[Collected data entries]
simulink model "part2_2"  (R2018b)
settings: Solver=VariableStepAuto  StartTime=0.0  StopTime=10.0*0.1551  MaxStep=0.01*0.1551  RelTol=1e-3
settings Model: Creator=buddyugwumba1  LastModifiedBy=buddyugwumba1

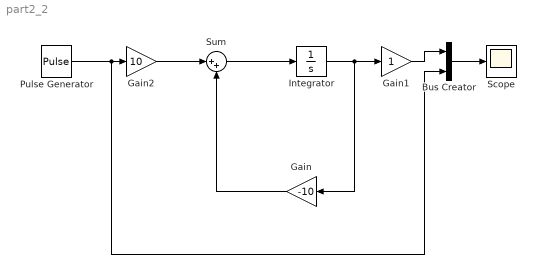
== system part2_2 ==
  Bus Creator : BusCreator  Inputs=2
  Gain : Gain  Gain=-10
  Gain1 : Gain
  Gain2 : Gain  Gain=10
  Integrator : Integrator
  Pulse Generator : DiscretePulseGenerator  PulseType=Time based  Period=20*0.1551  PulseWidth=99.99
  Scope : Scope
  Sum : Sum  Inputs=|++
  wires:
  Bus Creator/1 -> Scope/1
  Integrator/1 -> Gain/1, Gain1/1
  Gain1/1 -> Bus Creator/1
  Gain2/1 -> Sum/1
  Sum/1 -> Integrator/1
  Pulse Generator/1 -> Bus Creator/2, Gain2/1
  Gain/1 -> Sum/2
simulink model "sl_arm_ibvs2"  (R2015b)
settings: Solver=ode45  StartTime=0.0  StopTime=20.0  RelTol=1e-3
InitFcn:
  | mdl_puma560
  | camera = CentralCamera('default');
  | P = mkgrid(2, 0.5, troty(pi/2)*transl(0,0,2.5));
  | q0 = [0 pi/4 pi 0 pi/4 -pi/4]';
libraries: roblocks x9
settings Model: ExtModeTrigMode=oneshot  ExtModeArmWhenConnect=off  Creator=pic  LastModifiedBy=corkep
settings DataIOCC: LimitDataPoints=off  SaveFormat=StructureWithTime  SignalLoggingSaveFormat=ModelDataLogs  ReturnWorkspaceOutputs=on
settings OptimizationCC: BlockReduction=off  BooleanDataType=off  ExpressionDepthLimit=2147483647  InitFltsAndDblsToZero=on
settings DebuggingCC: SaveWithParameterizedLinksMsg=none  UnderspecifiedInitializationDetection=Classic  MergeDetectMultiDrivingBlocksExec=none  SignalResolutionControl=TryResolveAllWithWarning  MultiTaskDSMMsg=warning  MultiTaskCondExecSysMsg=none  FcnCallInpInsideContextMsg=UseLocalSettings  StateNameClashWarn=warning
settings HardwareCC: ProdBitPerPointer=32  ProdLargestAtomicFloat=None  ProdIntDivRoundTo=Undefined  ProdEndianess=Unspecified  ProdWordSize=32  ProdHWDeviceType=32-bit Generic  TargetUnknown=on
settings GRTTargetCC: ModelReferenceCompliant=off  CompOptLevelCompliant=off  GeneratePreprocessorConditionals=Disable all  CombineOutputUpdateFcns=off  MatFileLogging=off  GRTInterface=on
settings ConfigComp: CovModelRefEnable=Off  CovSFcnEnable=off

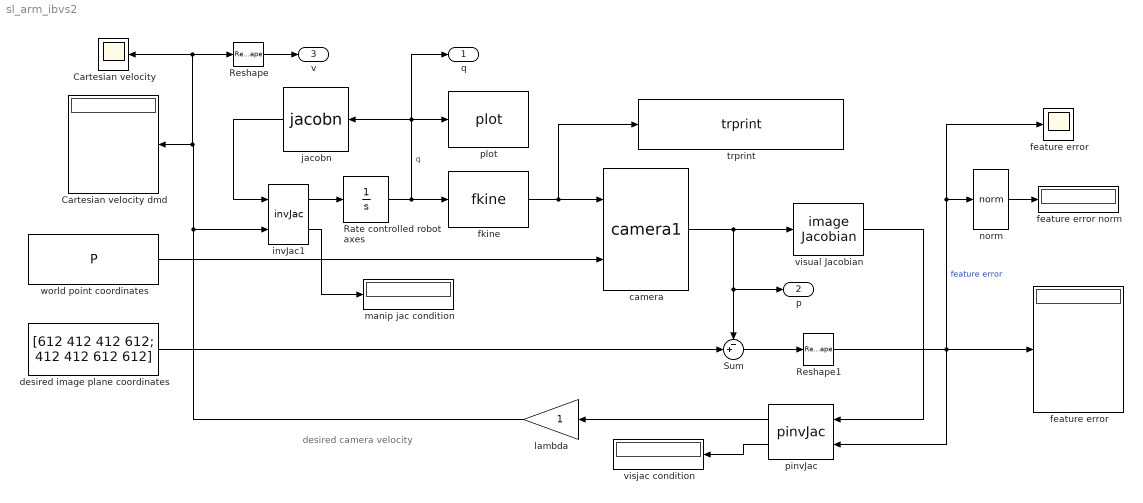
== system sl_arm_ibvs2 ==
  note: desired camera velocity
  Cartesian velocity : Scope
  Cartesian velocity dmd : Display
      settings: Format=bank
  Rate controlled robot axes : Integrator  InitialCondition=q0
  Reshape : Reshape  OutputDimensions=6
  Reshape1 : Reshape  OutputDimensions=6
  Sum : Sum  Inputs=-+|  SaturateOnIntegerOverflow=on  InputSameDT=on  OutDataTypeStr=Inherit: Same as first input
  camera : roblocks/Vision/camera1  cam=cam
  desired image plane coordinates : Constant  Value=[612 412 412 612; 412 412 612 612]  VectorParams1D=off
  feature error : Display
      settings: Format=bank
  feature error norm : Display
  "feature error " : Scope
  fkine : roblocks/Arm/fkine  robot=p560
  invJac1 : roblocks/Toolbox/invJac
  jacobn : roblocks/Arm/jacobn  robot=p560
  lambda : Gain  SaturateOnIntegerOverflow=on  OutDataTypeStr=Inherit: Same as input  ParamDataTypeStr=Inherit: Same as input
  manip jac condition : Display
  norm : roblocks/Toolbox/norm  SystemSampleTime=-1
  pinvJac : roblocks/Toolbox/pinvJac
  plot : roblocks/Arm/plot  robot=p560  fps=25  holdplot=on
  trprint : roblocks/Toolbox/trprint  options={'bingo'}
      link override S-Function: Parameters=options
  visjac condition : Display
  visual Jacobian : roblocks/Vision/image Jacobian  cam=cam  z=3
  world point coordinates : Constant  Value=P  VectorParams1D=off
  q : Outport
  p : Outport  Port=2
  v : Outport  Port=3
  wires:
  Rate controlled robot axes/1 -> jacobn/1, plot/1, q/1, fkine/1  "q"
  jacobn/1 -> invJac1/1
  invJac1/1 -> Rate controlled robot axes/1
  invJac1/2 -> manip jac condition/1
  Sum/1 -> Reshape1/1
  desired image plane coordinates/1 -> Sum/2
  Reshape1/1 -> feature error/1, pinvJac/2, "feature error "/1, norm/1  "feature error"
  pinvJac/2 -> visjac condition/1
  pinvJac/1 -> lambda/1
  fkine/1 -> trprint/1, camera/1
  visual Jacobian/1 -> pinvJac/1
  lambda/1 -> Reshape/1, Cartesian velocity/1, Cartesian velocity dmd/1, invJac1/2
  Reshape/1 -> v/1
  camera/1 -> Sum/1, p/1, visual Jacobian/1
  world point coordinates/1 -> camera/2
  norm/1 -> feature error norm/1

- Work order: Starting with the line above that holds "Bus Creator : BusCreator" and stopping with the line that holds "settings Model: ExtModeTrigMode=oneshot", reproduce each line exactly, omitting all other lines.

- Answer box:
  Bus Creator : BusCreator  Inputs=2
  Gain : Gain  Gain=-10
  Gain1 : Gain
  Gain2 : Gain  Gain=10
  Integrator : Integrator
  Pulse Generator : DiscretePulseGenerator  PulseType=Time based  Period=20*0.1551  PulseWidth=99.99
  Scope : Scope
  Sum : Sum  Inputs=|++
  wires:
  Bus Creator/1 -> Scope/1
  Integrator/1 -> Gain/1, Gain1/1
  Gain1/1 -> Bus Creator/1
  Gain2/1 -> Sum/1
  Sum/1 -> Integrator/1
  Pulse Generator/1 -> Bus Creator/2, Gain2/1
  Gain/1 -> Sum/2
simulink model "sl_arm_ibvs2"  (R2015b)
settings: Solver=ode45  StartTime=0.0  StopTime=20.0  RelTol=1e-3
InitFcn:
  | mdl_puma560
  | camera = CentralCamera('default');
  | P = mkgrid(2, 0.5, troty(pi/2)*transl(0,0,2.5));
  | q0 = [0 pi/4 pi 0 pi/4 -pi/4]';
libraries: roblocks x9
settings Model: ExtModeTrigMode=oneshot  ExtModeArmWhenConnect=off  Creator=pic  LastModifiedBy=corkep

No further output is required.